Search This Blog

Wednesday, 11 September 2019

The day I almost said goodbye...


I’ve tried to move on through without complaint, without self-pity because I know there has be meaning I’m supposed to find through this journey of awfulness I’ve been on. God must be trying to teach me something big, I know it... I just don’t understand it. The fact that I’ve worked so hard on keeping a cool lid on things throughout this whole Guillain-BarrĂ© Syndrome ordeal doesn’t mean that I don’t hurt or that I haven’t struggled. I struggle. I struggle greatly. It’s so hard to live with the constant fear of all that’s happened and not knowing, for absolute certain that it really might just all be okay again someday.

But there was one afternoon.

One deliciously yet shamefully inviting afternoon that found me.

It was five months after the GBS had hit me with the  paralysis.
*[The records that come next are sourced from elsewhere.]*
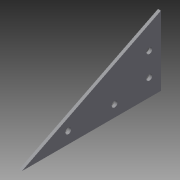
# Autodesk Inventor part: Support_Side_Front
Saved by Autodesk Inventor 2013 (Build 170138000, 138)
## iProperties
Created: 2013-07-13
Part Number: Support_Side_Front
Material: Aluminum 6061
Document SubType Name: Modeling
Designer: orange
Density: 1 g/cm^3
Author: orange
Autodesk Inventor part; units mm, degrees
ref_plane "YZ Plane" through (0, 0, 0) normal (1, 0, 0) x (0, 1, 0)
ref_plane "XZ Plane" through (0, 0, 0) normal (0, 1, 0) x (-1, 0, 0)
ref_plane "XY Plane" through (0, 0, 0) normal (0, 0, 1) x (1, 0, 0)
sketch "Sketch1" plane through (0, 0, 0) normal (1, 0, 0) x (0, 1, 0)
  line L0 (0, 0) -> (0, 152.4)
  line L1 (0, 152.4) -> (76.2, 0)
  line L2 (76.2, 0) -> (0, 0)
  dimension "d0" = 152.4
  dimension "d1" = 76.2
  constraints: 6 end point, 1 perpendicular, 1 vertical
  measures "d0" distance of L0.start L0.end
  measures "d1" distance of L1.end L0.start
extrude "Extrusion1" add sketch "Sketch1" along normal blind 3.175
sketch "Sketch2" plane through (3.175, 0, 0) normal (1, 0, 0) x (0, 0, -1)
  line L0 (-152.4, 0) -> (0, 0) projected
  line L1 (0, 0) -> (0, 76.2) projected
  point P0 (-12.7, 44.45)
  point P1 (-12.7, 19.05)
  dimension "d4" = 12.7
  dimension "d5" = 12.7
  dimension "d6" = 19.05
  dimension "d7" = 25.4
  measures "d4" distance from line of point (-12.7, 44.45) L1
  measures "d5" distance from line of point (-12.7, 19.05) L1
  measures "d6" distance from line of L0 point (-12.7, 19.05)
  measures "d7" distance of point (-12.7, 19.05) point (-12.7, 44.45)
hole "Hole2" at (3.175, 44.45, 12.7) at (3.175, 19.05, 12.7) direction (-1, 0, 0) diameter 6.35 end through all
sketch "Sketch4" plane through (3.175, 0, 0) normal (1, 0, 0) x (0, 0, -1)
  line L0 (-152.4, 0) -> (0, 0) projected
  line L1 (0, 0) -> (0, 76.2) projected
  point P0 (-101.6, 12.7)
  point P1 (-50.8, 12.7)
  dimension "d25" = 12.7
  dimension "d26" = 12.7
  dimension "d27" = 50.8
  dimension "d28" = 50.8
  measures "d25" distance from line of L0 point (-101.6, 12.7)
  measures "d26" distance from line of L0 point (-50.8, 12.7)
  measures "d27" distance from line of point (-50.8, 12.7) L1
  measures "d28" distance of point (-101.6, 12.7) point (-50.8, 12.7)
hole "Hole3" at (3.175, 12.7, 101.6) at (3.175, 12.7, 50.8) direction (-1, 0, 0) diameter 6.35 end through all
body "Solid1"
oled_display (Autodesk Fusion 360 design; units mm, degrees)
Autodesk Fusion 360 part; units mm, degrees
sketch "Sketch1" plane through (0, 0, 0) normal (1, 0, 0) x (0, 1, 0)
  line L0 (0, 0) -> (-18.5, 0)
  line L1 (-18.5, 0) -> (-18.5, 31.5)
  line L2 (-18.5, 31.5) -> (0, 31.5)
  line L3 (0, 31.5) -> (0, 0)
  dimension "d1" = 18.5
  dimension "d2" = 31.5
  constraint horizontal L0
  constraint vertical L1
  constraint horizontal L2
  constraint vertical L3
  constraint coincident L0.start L3.end
  measures "d1" distance of L1.end L2.end
  measures "d2" distance of L0.end L1.end
extrude "Extrude1" add sketch "Sketch1" along normal blind 1.7
sketch "Sketch2" plane through (1.7, 0, 0) normal (1, 0, 0) x (0, 1, 0)
  line L0 (0, 31.5) -> (-18.5, 31.5)
  line L1 (-18.5, 31.5) -> (-18.5, 0)
  line L2 (-18.5, 0) -> (0, 0)
  line L3 (0, 0) -> (0, 31.5)
  line L4 (-12.8628, 25.99) -> (-5.7046, 25.99)
  line L5 (-5.7046, 25.99) -> (-5.7046, 21.1609)
  line L6 (-5.7046, 21.1609) -> (-6.5493, 21.1609)
  line L7 (-6.5493, 21.1609) -> (-6.5493, 25.0427)
  line L8 (-6.5493, 25.0427) -> (-8.7661, 25.0427)
  line L9 (-8.7661, 25.0427) -> (-8.7661, 21.6834)
  line L10 (-8.7661, 21.6834) -> (-9.6109, 21.6834)
  line L11 (-9.6109, 21.6834) -> (-9.6109, 25.0427)
  line L12 (-9.6109, 25.0427) -> (-12.8628, 25.0427)
  line L13 (-12.8628, 25.0427) -> (-12.8628, 25.99)
  line L14 (-12.8628, 20.0525) -> (-7.6773, 20.0525)
  line L15 (-7.6773, 20.0525) -> (-7.6773, 19.2615)
  line L16 (-7.6773, 19.2615) -> (-8.4634, 19.2615)
  spline S0 degree 3 poles (-8.4634, 19.2615) (-8.3037, 19.1734) (-8.032, 19.0235) (-7.8223, 18.7961) (-7.7359, 18.7024) knots 0 0 0 0 0.05425 0.092273 0.092273 0.092273 0.092273
  spline S1 degree 3 poles (-7.7359, 18.7024) (-7.6846, 18.615) (-7.5823, 18.4406) (-7.5675, 18.239) (-7.5601, 18.1384) knots 0 0 0 0 0.029972 0.059777 0.059777 0.059777 0.059777
  spline S2 degree 3 poles (-7.5601, 18.1384) (-7.5741, 17.9862) (-7.6037, 17.6653) (-7.7607, 17.3833) (-7.8433, 17.2351) knots 0 0 0 0 0.045356 0.095599 0.095599 0.095599 0.095599
  line L17 (-7.8433, 17.2351) -> (-8.6587, 17.5379)
  spline S3 degree 3 poles (-8.6587, 17.5379) (-8.6032, 17.643) (-8.4964, 17.8453) (-8.4774, 18.073) (-8.4683, 18.1824) knots 0 0 0 0 0.03525 0.067826 0.067826 0.067826 0.067826
  spline S4 degree 3 poles (-8.4683, 18.1824) (-8.4755, 18.276) (-8.4899, 18.463) (-8.5911, 18.621) (-8.6416, 18.7) knots 0 0 0 0 0.027685 0.055345 0.055345 0.055345 0.055345
  spline S5 degree 3 poles (-8.6416, 18.7) (-8.7065, 18.7714) (-8.8404, 18.9189) (-9.0266, 18.9903) (-9.1226, 19.0271) knots 0 0 0 0 0.028537 0.058895 0.058895 0.058895 0.058895
  spline S6 degree 3 poles (-9.1226, 19.0271) (-9.2853, 19.0698) (-9.6213, 19.1581) (-9.9687, 19.1683) (-10.148, 19.1736) knots 0 0 0 0 0.050287 0.103879 0.103879 0.103879 0.103879
  line L18 (-10.148, 19.1736) -> (-12.8628, 19.1736)
  line L19 (-12.8628, 19.1736) -> (-12.8628, 20.0525)
  spline S7 degree 3 poles (-10.27, 17.0398) (-9.8336, 17.0198) (-9.0308, 16.9829) (-8.4165, 16.4721) (-8.1363, 16.239) knots 0 0 0 0 0.126955 0.233506 0.233506 0.233506 0.233506
  spline S8 degree 3 poles (-8.1363, 16.239) (-7.9682, 16.0002) (-7.6241, 15.5111) (-7.5817, 14.9138) (-7.5601, 14.6082) knots 0 0 0 0 0.085882 0.175909 0.175909 0.175909 0.175909
  spline S9 degree 3 poles (-7.5601, 14.6082) (-7.5861, 14.2711) (-7.6369, 13.614) (-8.0564, 13.107) (-8.2608, 12.8601) knots 0 0 0 0 0.098734 0.192484 0.192484 0.192484 0.192484
  spline S10 degree 3 poles (-8.2608, 12.8601) (-8.5286, 12.6624) (-9.102, 12.2392) (-9.8162, 12.2015) (-10.1968, 12.1814) knots 0 0 0 0 0.097737 0.209205 0.209205 0.209205 0.209205
  spline S11 degree 3 poles (-10.1968, 12.1814) (-10.4988, 12.1873) (-11.042, 12.1978) (-11.5472, 12.3944) (-11.7715, 12.4817) knots 0 0 0 0 0.089731 0.161415 0.161415 0.161415 0.161415
  spline S12 degree 3 poles (-11.7715, 12.4817) (-11.9522, 12.5935) (-12.3149, 12.8179) (-12.5465, 13.176) (-12.6626, 13.3557) knots 0 0 0 0 0.0629 0.126218 0.126218 0.126218 0.126218
  spline S13 degree 3 poles (-12.6626, 13.3557) (-12.7552, 13.5523) (-12.942, 13.9492) (-12.9673, 14.3872) (-12.98, 14.6082) knots 0 0 0 0 0.064547 0.130274 0.130274 0.130274 0.130274
  spline S14 degree 3 poles (-12.98, 14.6082) (-12.9549, 14.9497) (-12.9064, 15.6111) (-12.4854, 16.1216) (-12.2818, 16.3684) knots 0 0 0 0 0.099985 0.193582 0.193582 0.193582 0.193582
  spline S15 degree 3 poles (-12.2818, 16.3684) (-12.0075, 16.5639) (-11.4084, 16.9907) (-10.6702, 17.0226) (-10.27, 17.0398) knots 0 0 0 0 0.098972 0.216147 0.216147 0.216147 0.216147
  spline S16 degree 3 poles (-10.27, 16.1365) (-10.5691, 16.128) (-11.1069, 16.1128) (-11.5604, 15.8283) (-11.7617, 15.7019) knots 0 0 0 0 0.087772 0.157881 0.157881 0.157881 0.157881
  spline S17 degree 3 poles (-11.7617, 15.7019) (-11.9063, 15.5477) (-12.1954, 15.2393) (-12.2367, 14.8185) (-12.2573, 14.6082) knots 0 0 0 0 0.061561 0.123123 0.123123 0.123123 0.123123
  spline S18 degree 3 poles (-12.2573, 14.6082) (-12.2364, 14.399) (-12.1942, 13.9795) (-11.9046, 13.673) (-11.7593, 13.5193) knots 0 0 0 0 0.061216 0.122791 0.122791 0.122791 0.122791
  spline S19 degree 3 poles (-11.7593, 13.5193) (-11.5552, 13.393) (-11.0927, 13.1068) (-10.5461, 13.0926) (-10.2407, 13.0847) knots 0 0 0 0 0.070813 0.160463 0.160463 0.160463 0.160463
  spline S20 degree 3 poles (-10.2407, 13.0847) (-9.9503, 13.0942) (-9.4234, 13.1115) (-8.9816, 13.3946) (-8.7832, 13.5217) knots 0 0 0 0 0.085237 0.154677 0.154677 0.154677 0.154677
  spline S21 degree 3 poles (-8.7832, 13.5217) (-8.6387, 13.6757) (-8.351, 13.9822) (-8.3087, 14.4002) (-8.2876, 14.6082) knots 0 0 0 0 0.061512 0.122417 0.122417 0.122417 0.122417
  spline S22 degree 3 poles (-8.2876, 14.6082) (-8.3081, 14.8185) (-8.349, 15.2388) (-8.6369, 15.5476) (-8.7808, 15.7019) knots 0 0 0 0 0.06155 0.123001 0.123001 0.123001 0.123001
  spline S23 degree 3 poles (-8.7808, 15.7019) (-8.9815, 15.8283) (-9.434, 16.113) (-9.9712, 16.1281) (-10.27, 16.1365) knots 0 0 0 0 0.069947 0.157659 0.157659 0.157659 0.157659
  line L20 (-12.8628, 11.1511) -> (-7.6773, 11.1511)
  line L21 (-7.6773, 11.1511) -> (-7.6773, 10.3601)
  line L22 (-7.6773, 10.3601) -> (-8.4146, 10.3601)
  spline S24 degree 3 poles (-8.4146, 10.3601) (-8.1654, 10.146) (-7.6596, 9.7113) (-7.5936, 9.0468) (-7.5601, 8.7097) knots 0 0 0 0 0.094776 0.192358 0.192358 0.192358 0.192358
  spline S25 degree 3 poles (-7.5601, 8.7097) (-7.5664, 8.5583) (-7.5788, 8.2623) (-7.6794, 7.9839) (-7.7285, 7.8479) knots 0 0 0 0 0.04518 0.088272 0.088272 0.088272 0.088272
  spline S26 degree 3 poles (-7.7285, 7.8479) (-7.7858, 7.7275) (-7.8936, 7.5012) (-8.0821, 7.3366) (-8.1704, 7.2595) knots 0 0 0 0 0.039495 0.074282 0.074282 0.074282 0.074282
  spline S27 degree 3 poles (-8.1704, 7.2595) (-8.2679, 7.1989) (-8.4697, 7.0733) (-8.7005, 7.0158) (-8.8198, 6.9861) knots 0 0 0 0 0.034206 0.07085 0.07085 0.07085 0.07085
  spline S28 degree 3 poles (-8.8198, 6.9861) (-8.9316, 6.972) (-9.2152, 6.9363) (-9.5011, 6.9369) (-9.6743, 6.9373) knots 0 0 0 0 0.033768 0.085663 0.085663 0.085663 0.085663
  line L23 (-9.6743, 6.9373) -> (-12.8628, 6.9373)
  line L24 (-12.8628, 6.9373) -> (-12.8628, 7.8162)
  line L25 (-12.8628, 7.8162) -> (-9.7085, 7.8162)
  spline S29 degree 3 poles (-9.7085, 7.8162) (-9.551, 7.817) (-9.2786, 7.8185) (-9.016, 7.889) (-8.9053, 7.9187) knots 0 0 0 0 0.047006 0.081267 0.081267 0.081267 0.081267
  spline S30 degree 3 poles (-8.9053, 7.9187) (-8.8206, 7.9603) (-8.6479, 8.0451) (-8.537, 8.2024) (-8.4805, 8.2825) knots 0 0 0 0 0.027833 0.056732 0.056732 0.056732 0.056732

I still couldn’t walk fully on my own and was still too proud to be seen outside with the walker... but, it was before I had developed the pneumonia that relapsed me back to wheelchair need but walker acceptance and so I had been healing well at that point and could handle flat ground on my own. I was still crawling on my hands and knees to get up and down stairs and Enz had to physically be my ‘walker’ whenever we met with even the slightest incline to maneuver; like a baby being led for first steps... for a baby it’s pretty exciting, for me it was beyond devastating which is why, at that point, I would only be outside at camp where no one could see me. Anyhow, this was the day.

When all the struggle could have eased...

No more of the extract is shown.